— Деньги? — Филиппа ухватилась за это слово. — Да он настоящий охотник за удачей. Он сам, нимало не стесняясь, признавался в своих планах получить твои деньги.
Диего Авельянос хрипло расхохотался.
— Конечно, он очень умный и хваткий человек. Неужели ты думаешь, что я доверил бы детище всей моей жизни кому попало? Энрике Сантос сделал свой капитал самостоятельно. Он очень удачлив во всем, за что берется, и сумеет приумножить то, что я создавал всю жизнь.
Филиппа задумалась, переваривая полученную информацию.
— Его собственный капитал на сегодня превышает пятьсот миллионов долларов, — продолжал старик. — И я решил предоставить ему возможность реализовать свои амбиции на более высоком уровне. Но я выставил свою цену — он должен жениться на тебе.

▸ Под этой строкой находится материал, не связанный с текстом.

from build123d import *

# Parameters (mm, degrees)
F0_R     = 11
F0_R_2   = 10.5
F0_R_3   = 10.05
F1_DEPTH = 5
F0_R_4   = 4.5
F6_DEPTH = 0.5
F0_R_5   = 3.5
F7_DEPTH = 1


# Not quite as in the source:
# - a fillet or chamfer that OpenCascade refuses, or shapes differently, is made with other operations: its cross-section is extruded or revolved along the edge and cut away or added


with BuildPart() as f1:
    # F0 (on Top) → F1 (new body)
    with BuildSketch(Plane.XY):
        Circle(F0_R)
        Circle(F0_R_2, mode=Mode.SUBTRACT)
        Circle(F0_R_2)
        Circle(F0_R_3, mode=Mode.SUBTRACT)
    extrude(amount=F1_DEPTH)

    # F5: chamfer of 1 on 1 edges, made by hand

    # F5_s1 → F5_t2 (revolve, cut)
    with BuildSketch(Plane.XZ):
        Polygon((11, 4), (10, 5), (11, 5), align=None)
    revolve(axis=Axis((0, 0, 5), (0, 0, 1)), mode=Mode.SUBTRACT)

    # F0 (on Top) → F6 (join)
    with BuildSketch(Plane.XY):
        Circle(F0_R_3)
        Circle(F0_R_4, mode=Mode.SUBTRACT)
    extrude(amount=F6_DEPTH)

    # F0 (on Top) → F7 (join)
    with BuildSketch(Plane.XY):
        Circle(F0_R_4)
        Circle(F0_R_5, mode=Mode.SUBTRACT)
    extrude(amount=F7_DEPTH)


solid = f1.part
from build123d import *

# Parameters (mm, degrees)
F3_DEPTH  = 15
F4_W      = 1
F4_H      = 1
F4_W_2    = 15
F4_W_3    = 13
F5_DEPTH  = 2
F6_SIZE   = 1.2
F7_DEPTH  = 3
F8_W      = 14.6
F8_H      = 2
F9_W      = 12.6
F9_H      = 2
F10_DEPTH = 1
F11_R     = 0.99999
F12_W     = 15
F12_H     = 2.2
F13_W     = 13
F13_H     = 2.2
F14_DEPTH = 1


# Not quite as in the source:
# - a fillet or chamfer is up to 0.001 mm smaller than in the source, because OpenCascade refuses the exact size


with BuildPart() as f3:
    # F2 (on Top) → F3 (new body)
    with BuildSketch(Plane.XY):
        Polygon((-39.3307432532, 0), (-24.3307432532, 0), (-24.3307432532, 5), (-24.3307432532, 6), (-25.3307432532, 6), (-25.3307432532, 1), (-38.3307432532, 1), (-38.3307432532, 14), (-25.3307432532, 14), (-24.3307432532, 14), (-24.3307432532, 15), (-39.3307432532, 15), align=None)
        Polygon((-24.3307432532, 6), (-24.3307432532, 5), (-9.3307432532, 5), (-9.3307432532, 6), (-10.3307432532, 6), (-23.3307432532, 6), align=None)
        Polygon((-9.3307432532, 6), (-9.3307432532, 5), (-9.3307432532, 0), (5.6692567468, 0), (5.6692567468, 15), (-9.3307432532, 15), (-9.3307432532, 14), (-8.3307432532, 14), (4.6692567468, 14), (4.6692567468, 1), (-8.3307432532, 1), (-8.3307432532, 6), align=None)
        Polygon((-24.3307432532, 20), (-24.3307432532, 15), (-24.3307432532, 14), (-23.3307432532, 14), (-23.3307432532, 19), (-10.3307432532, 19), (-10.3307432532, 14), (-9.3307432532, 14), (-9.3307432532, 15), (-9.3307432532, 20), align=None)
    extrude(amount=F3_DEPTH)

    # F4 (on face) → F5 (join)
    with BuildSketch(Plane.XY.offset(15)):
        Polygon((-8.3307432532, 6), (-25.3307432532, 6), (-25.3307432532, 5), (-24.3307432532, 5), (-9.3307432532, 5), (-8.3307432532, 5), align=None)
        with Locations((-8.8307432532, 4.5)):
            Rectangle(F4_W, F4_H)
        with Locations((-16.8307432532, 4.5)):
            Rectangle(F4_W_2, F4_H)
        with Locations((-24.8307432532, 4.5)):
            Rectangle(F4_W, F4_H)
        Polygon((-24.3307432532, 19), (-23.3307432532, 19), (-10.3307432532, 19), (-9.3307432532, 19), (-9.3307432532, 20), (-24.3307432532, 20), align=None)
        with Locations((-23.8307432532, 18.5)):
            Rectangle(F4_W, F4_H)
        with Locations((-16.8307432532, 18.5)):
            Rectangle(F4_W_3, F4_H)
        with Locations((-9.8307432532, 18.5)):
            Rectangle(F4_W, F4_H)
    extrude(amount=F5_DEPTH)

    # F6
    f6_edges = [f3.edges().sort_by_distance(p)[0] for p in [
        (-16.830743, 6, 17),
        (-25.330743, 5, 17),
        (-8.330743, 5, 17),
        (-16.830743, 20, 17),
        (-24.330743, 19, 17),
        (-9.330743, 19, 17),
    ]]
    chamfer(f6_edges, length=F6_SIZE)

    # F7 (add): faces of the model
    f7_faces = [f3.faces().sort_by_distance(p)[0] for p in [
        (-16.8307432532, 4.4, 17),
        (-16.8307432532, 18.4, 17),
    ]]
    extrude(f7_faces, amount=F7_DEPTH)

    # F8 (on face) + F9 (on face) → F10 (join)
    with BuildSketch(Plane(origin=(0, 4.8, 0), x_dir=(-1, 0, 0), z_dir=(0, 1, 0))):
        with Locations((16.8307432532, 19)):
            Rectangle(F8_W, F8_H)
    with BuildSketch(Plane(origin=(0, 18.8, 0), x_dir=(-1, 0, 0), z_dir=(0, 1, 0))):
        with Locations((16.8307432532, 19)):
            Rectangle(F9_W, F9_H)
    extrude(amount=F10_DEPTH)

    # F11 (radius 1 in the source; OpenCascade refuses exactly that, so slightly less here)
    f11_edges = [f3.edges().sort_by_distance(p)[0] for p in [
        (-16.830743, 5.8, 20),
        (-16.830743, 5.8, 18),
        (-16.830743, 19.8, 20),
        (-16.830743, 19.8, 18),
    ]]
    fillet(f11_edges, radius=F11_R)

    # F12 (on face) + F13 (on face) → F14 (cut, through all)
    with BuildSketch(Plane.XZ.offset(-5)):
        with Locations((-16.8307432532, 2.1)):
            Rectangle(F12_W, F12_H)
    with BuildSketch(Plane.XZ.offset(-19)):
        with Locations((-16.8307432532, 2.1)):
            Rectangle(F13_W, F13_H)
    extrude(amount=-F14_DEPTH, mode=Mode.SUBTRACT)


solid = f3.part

— Но зачем? — слабым голосом спросила Филиппа, лихорадочно обдумывая слова деда. — Ты отрицал сам факт моего существования на протяжении двадцати пяти лет. С тех пор как чуть ли не силой отправил мать, беременную мною, обратно в Америку без гроша в кармане!
Лицо старика осталось непроницаемым.
— Почему? — эхом откликнулся он. — Потому, что в твоих жилах течет моя кровь. В твоих, и ни в чьих больше. Когда ты выйдешь замуж за Энрике Сантоса, твой сын унаследует и мою кровь, и удачу своего отца. Мне придется ждать смену двух поколений, но это будет мой наследник!
В глазах Диего Авельяноса загорелся такой неистовый властный огонь, что его взгляд стало невозможно переносить.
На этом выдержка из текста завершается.